By Macey Barker Sept. 22, 2018
We are nearly a month into the semester and students have already declared bankruptcy due to the exorbitantly high cost of laundry. The demand of a $1.70 for each load means that even ramen seems like a delicacy. The “fresh linen” scent that was noticeable in the first week of the semester is gone and all that remains is crippling debt.
Students have resorted to shoving all their clothes in one load hoping that at least one piece will get clean. Students’ tears are the primary source of water for the rinse cycle and, with no money for a dryer cycle, some have begun using hairdryers, fans, the radiator, open windows, clothes lines across the quad, just blowing on clothes, or simply wearing wet t-shirts to class.
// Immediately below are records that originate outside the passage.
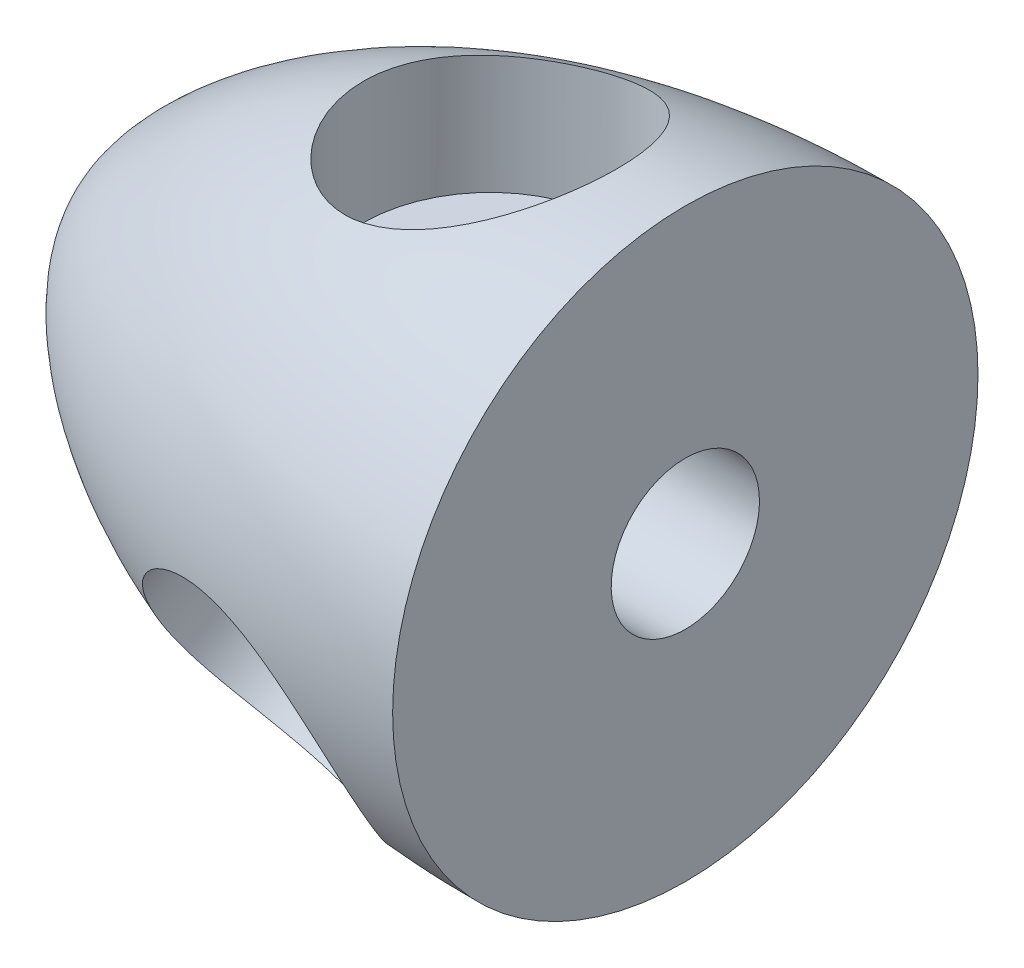
ISO-10303-21;
HEADER;
FILE_DESCRIPTION(('STEP AP214'),'2;1');
FILE_NAME('part.step','',(''),(''),'','','');
FILE_SCHEMA(('AUTOMOTIVE_DESIGN { 1 0 10303 214 1 1 1 1 }'));
ENDSEC;
DATA;
#1=APPLICATION_CONTEXT('core data for automotive mechanical design processes');
#2=APPLICATION_PROTOCOL_DEFINITION('international standard','automotive_design',2000,#1);
#3=PRODUCT_CONTEXT('',#1,'mechanical');
#4=PRODUCT('Part','Part','',(#3));
#5=PRODUCT_RELATED_PRODUCT_CATEGORY('part','',(#4));
#6=PRODUCT_DEFINITION_FORMATION('','',#4);
#7=PRODUCT_DEFINITION_CONTEXT('part definition',#1,'design');
#8=PRODUCT_DEFINITION('design','',#6,#7);
#9=PRODUCT_DEFINITION_SHAPE('','',#8);
#10=(LENGTH_UNIT() NAMED_UNIT(*) SI_UNIT(.MILLI.,.METRE.));
#11=(NAMED_UNIT(*) PLANE_ANGLE_UNIT() SI_UNIT($,.RADIAN.));
#12=(NAMED_UNIT(*) SI_UNIT($,.STERADIAN.) SOLID_ANGLE_UNIT());
#13=UNCERTAINTY_MEASURE_WITH_UNIT(LENGTH_MEASURE(1.E-05),#10,'distance_accuracy_value','');
#14=(GEOMETRIC_REPRESENTATION_CONTEXT(3) GLOBAL_UNCERTAINTY_ASSIGNED_CONTEXT((#13)) GLOBAL_UNIT_ASSIGNED_CONTEXT((#10,
#11,#12)) REPRESENTATION_CONTEXT('',''));
#15=CARTESIAN_POINT('',(0.,0.,0.));
#16=DIRECTION('',(0.,0.,1.));
#17=DIRECTION('',(1.,0.,0.));
#18=AXIS2_PLACEMENT_3D('',#15,#16,#17);
#19=CARTESIAN_POINT('',(0.,19.0500000000012,0.));
#20=CARTESIAN_POINT('',(-25.41,19.05,0.));
#21=CARTESIAN_POINT('',(-38.1,6.31666666666703,0.));
#22=CARTESIAN_POINT('',(-38.0999999999999,9.99200722162641E-13,0.));
#23=B_SPLINE_CURVE_WITH_KNOTS('',3,(#19,#20,#21,#22),.UNSPECIFIED.,.F.,.F.,(4,4),(0.,1.),.UNSPECIFIED.);
#24=CARTESIAN_POINT('',(0.,0.,0.));
#25=DIRECTION('',(1.,0.,0.));
#26=AXIS1_PLACEMENT('',#24,#25);
#27=SURFACE_OF_REVOLUTION('',#23,#26);
#28=CARTESIAN_POINT('',(-4.44500000000001,-9.45804617799617,16.3818165206235));
#29=CARTESIAN_POINT('',(-4.44500015064138,-9.27091519654826,16.4898565183917));
#30=CARTESIAN_POINT('',(-4.45349295522154,-9.08166766091949,16.5942355421234));
#31=CARTESIAN_POINT('',(-4.48736047476967,-8.7004214016924,16.7949134835629));
#32=CARTESIAN_POINT('',(-4.51273540002479,-8.50842264385346,16.8912123006051));
#33=CARTESIAN_POINT('',(-4.58006945896048,-8.1231496462918,17.0751618863486));
#34=CARTESIAN_POINT('',(-4.62203212616186,-7.92987514344122,17.1628108074744));
#35=CARTESIAN_POINT('',(-4.72205826379847,-7.54359727914573,17.3290286473111));
#36=CARTESIAN_POINT('',(-4.78012179030352,-7.3505939186474,17.4075975344002));
#37=CARTESIAN_POINT('',(-4.9115311197286,-6.96686715316216,17.5552101880287));
#38=CARTESIAN_POINT('',(-4.98483255345865,-6.7761387921417,17.6242806623933));
#39=CARTESIAN_POINT('',(-5.1460871324351,-6.39776467563141,17.7530936656805));
#40=CARTESIAN_POINT('',(-5.23404022095019,-6.21011890820884,17.812836230719));
#41=CARTESIAN_POINT('',(-5.42379490081363,-5.83918666210894,17.9230636609815));
#42=CARTESIAN_POINT('',(-5.52559570730404,-5.65589993706196,17.973549050501));
#43=CARTESIAN_POINT('',(-5.74225332795735,-5.29477608038795,18.0654742901383));
#44=CARTESIAN_POINT('',(-5.85711517467897,-5.11694108310611,18.1069106354801));
#45=CARTESIAN_POINT('',(-6.1053454161345,-4.75874289049157,18.182931272827));
#46=CARTESIAN_POINT('',(-6.23936664946179,-4.57873174657534,18.217045362668));
#47=CARTESIAN_POINT('',(-6.51995154640287,-4.22711831765983,18.2759689457253));
#48=CARTESIAN_POINT('',(-6.66651981102178,-4.05551915392863,18.3007750075757));
#49=CARTESIAN_POINT('',(-7.12359872561892,-3.55500968992728,18.3619113119326));
#50=CARTESIAN_POINT('',(-7.45162087673701,-3.2401897065755,18.3850001954523));
#51=CARTESIAN_POINT('',(-8.17985496598698,-2.62887020260287,18.400629367394));
#52=CARTESIAN_POINT('',(-8.58395898517171,-2.33690931780023,18.3900784498721));
#53=CARTESIAN_POINT('',(-9.21815712200873,-1.947698950637,18.350544957651));
#54=CARTESIAN_POINT('',(-9.43439404481089,-1.82601479463142,18.3333952807613));
#55=CARTESIAN_POINT('',(-9.87509355403064,-1.60008903435713,18.2918811048565));
#56=CARTESIAN_POINT('',(-10.0995527835617,-1.49584040640996,18.2675195220734));
#57=CARTESIAN_POINT('',(-10.5618609071371,-1.30330535203921,18.2114842391681));
#58=CARTESIAN_POINT('',(-10.7999088571543,-1.2155509710715,18.1796239802564));
#59=CARTESIAN_POINT('',(-11.2817417100073,-1.06104100821833,18.1097176756852));
#60=CARTESIAN_POINT('',(-11.5255240417092,-0.994276201076428,18.0716743587639));
#61=CARTESIAN_POINT('',(-12.0171307659768,-0.882889259018609,17.9900582918136));
#62=CARTESIAN_POINT('',(-12.264954028781,-0.838261041193929,17.946487064935));
#63=CARTESIAN_POINT('',(-12.762758223985,-0.772129307192009,17.8543949701456));
#64=CARTESIAN_POINT('',(-13.0127389638025,-0.75062374810978,17.8058745399156));
#65=CARTESIAN_POINT('',(-13.4960310767581,-0.732108514416318,17.7077636215655));
#66=CARTESIAN_POINT('',(-13.7293423396882,-0.733560873433298,17.6584602870194));
#67=CARTESIAN_POINT('',(-14.194093327426,-0.757566821073084,17.5562802924741));
#68=CARTESIAN_POINT('',(-14.4255331309278,-0.780119517731194,17.5034037836098));
#69=CARTESIAN_POINT('',(-14.884490616024,-0.846316353548636,17.3943025763769));
#70=CARTESIAN_POINT('',(-15.1120096410373,-0.889953113398031,17.3380790554767));
#71=CARTESIAN_POINT('',(-15.5612127620297,-0.997969601659725,17.2223592465344));
#72=CARTESIAN_POINT('',(-15.7828971051644,-1.06234844990773,17.162863097451));
#73=CARTESIAN_POINT('',(-16.2033746376248,-1.20599190434333,17.0448151211586));
#74=CARTESIAN_POINT('',(-16.4026894612292,-1.28391548793583,16.9864836620922));
#75=CARTESIAN_POINT('',(-16.7930856863612,-1.45632309745679,16.8668606280036));
#76=CARTESIAN_POINT('',(-16.9841675288754,-1.55080623502155,16.8055692119007));
#77=CARTESIAN_POINT('',(-17.3567322231473,-1.75534651725223,16.6798475063256));
#78=CARTESIAN_POINT('',(-17.5382144229241,-1.8654047178717,16.6154170042249));
#79=CARTESIAN_POINT('',(-17.890309240859,-2.09994416389083,16.4831948118098));
#80=CARTESIAN_POINT('',(-18.0609215789454,-2.22442578069001,16.4154030349691));
#81=CARTESIAN_POINT('',(-18.3913863475528,-2.48754684959384,16.2756767827332));
#82=CARTESIAN_POINT('',(-18.5511470939272,-2.62628676104388,16.2037147258324));
#83=CARTESIAN_POINT('',(-18.8574971658255,-2.91582389827507,16.0558258207199));
#84=CARTESIAN_POINT('',(-19.0040806059013,-3.06662645539032,15.9798972246151));
#85=CARTESIAN_POINT('',(-19.2830812756176,-3.37883589353541,15.8238507548588));
#86=CARTESIAN_POINT('',(-19.4154966594329,-3.54024415187333,15.7437323373735));
#87=CARTESIAN_POINT('',(-19.6652514859611,-3.87212389886682,15.5791542148311));
#88=CARTESIAN_POINT('',(-19.7825971611242,-4.04259159925765,15.4946963248357));
#89=CARTESIAN_POINT('',(-20.0054540661015,-4.39742435592024,15.318178058372));
#90=CARTESIAN_POINT('',(-20.1103918521493,-4.58206840694361,15.2259538055678));
#91=CARTESIAN_POINT('',(-20.3026418377118,-4.95792935434696,15.0366453165367));
#92=CARTESIAN_POINT('',(-20.3899536433146,-5.14914639751078,14.9395609717552));
#93=CARTESIAN_POINT('',(-20.5463296088185,-5.5365017758237,14.7406331882602));
#94=CARTESIAN_POINT('',(-20.6153940571947,-5.73264003311892,14.6387898248128));
#95=CARTESIAN_POINT('',(-20.734771311653,-6.1282010819664,14.4305915532092));
#96=CARTESIAN_POINT('',(-20.7850842677316,-6.32762384723198,14.324236681149));
#97=CARTESIAN_POINT('',(-20.8666686018481,-6.72857277370498,14.107191267698));
#98=CARTESIAN_POINT('',(-20.8978989088364,-6.93010252884776,13.9964919165699));
#99=CARTESIAN_POINT('',(-20.940907263956,-7.33326399762503,13.7715529420818));
#100=CARTESIAN_POINT('',(-20.9526852423562,-7.5348957116224,13.6573133060324));
#101=CARTESIAN_POINT('',(-20.9566967260985,-7.93673729818704,13.4260474242201));
#102=CARTESIAN_POINT('',(-20.9489311931396,-8.13694724023081,13.3090213158549));
#103=CARTESIAN_POINT('',(-20.9139183015301,-8.53453008101243,13.0730830631509));
#104=CARTESIAN_POINT('',(-20.8866710785033,-8.73190299949075,12.9541709319475));
#105=CARTESIAN_POINT('',(-20.8132940729264,-9.12044313565206,12.7167645860496));
#106=CARTESIAN_POINT('',(-20.7673656108476,-9.31165375808096,12.5982790985949));
#107=CARTESIAN_POINT('',(-20.6569828933475,-9.6888509311007,12.361628313286));
#108=CARTESIAN_POINT('',(-20.5925287601442,-9.87483751614677,12.2434630133245));
#109=CARTESIAN_POINT('',(-20.4455532657253,-10.2405714769516,12.0086815284333));
#110=CARTESIAN_POINT('',(-20.3630300556727,-10.4203182120639,11.8920655033222));
#111=CARTESIAN_POINT('',(-20.1804991902111,-10.7726412135588,11.6617198102237));
#112=CARTESIAN_POINT('',(-20.0804913406838,-10.9452174003062,11.5479901742977));
#113=CARTESIAN_POINT('',(-19.8627060122151,-11.2839043774029,11.3238130954277));
#114=CARTESIAN_POINT('',(-19.744777890609,-11.4499437085208,11.2134040102167));
#115=CARTESIAN_POINT('',(-19.4925649089392,-11.7732638030245,10.9983703973952));
#116=CARTESIAN_POINT('',(-19.3582725311354,-11.9305404921369,10.89374856078));
#117=CARTESIAN_POINT('',(-19.0742743837781,-12.2356293239645,10.6918452871486));
#118=CARTESIAN_POINT('',(-18.9245676902412,-12.3834408984479,10.5945642907723));
#119=CARTESIAN_POINT('',(-18.610844469357,-12.6689556808042,10.408902382752));
#120=CARTESIAN_POINT('',(-18.4468347951823,-12.806663672129,10.320517251973));
#121=CARTESIAN_POINT('',(-18.1052636830487,-13.0717901659123,10.1539080311));
#122=CARTESIAN_POINT('',(-17.927676936145,-13.1991884934935,10.0757036900389));
#123=CARTESIAN_POINT('',(-17.5605196939864,-13.442928101796,9.93105919836899));
#124=CARTESIAN_POINT('',(-17.3709491751156,-13.5592693607265,9.86461907094438));
#125=CARTESIAN_POINT('',(-16.9813281129981,-13.7804226889622,9.74479602428202));
#126=CARTESIAN_POINT('',(-16.7812808631909,-13.8852383496902,9.69140903125441));
#127=CARTESIAN_POINT('',(-16.3722429271608,-14.0829821135884,9.59875076199868));
#128=CARTESIAN_POINT('',(-16.1632525545809,-14.1759106331955,9.55947899119106));
#129=CARTESIAN_POINT('',(-15.7453007172321,-14.3465674639179,9.49697029216099));
#130=CARTESIAN_POINT('',(-15.5365815956366,-14.4247062387361,9.4732319477776));
#131=CARTESIAN_POINT('',(-15.114021683305,-14.5693028633445,9.44019354772077));
#132=CARTESIAN_POINT('',(-14.9001810203412,-14.6357610041991,9.43089313222982));
#133=CARTESIAN_POINT('',(-14.4690461224957,-14.756783267086,9.42694492532753));
#134=CARTESIAN_POINT('',(-14.2517521056408,-14.8113481368217,9.43229621250925));
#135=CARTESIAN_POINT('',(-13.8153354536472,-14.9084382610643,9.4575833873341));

It’s an epidemic that has spread all across the campus. One student was seen wearing the same grey, crotch-stained sweatpants and Bob Marley tee that he strutted around campus in three weeks ago. The professors have begun wearing operating masks to class because the gym-locker-sweat-socks-please-take-a-shower stench has permeated all the air on campus.
If this continues for any longer, the atmosphere around campus will become absolutely vile. It will be just like Stephen King’s Under The Dome, but instead of mangled cows there will be gas-masked squirrels. Students are really just hoping Fall Break comes sooner so they can breathe clean air and have their parents do their laundry for them.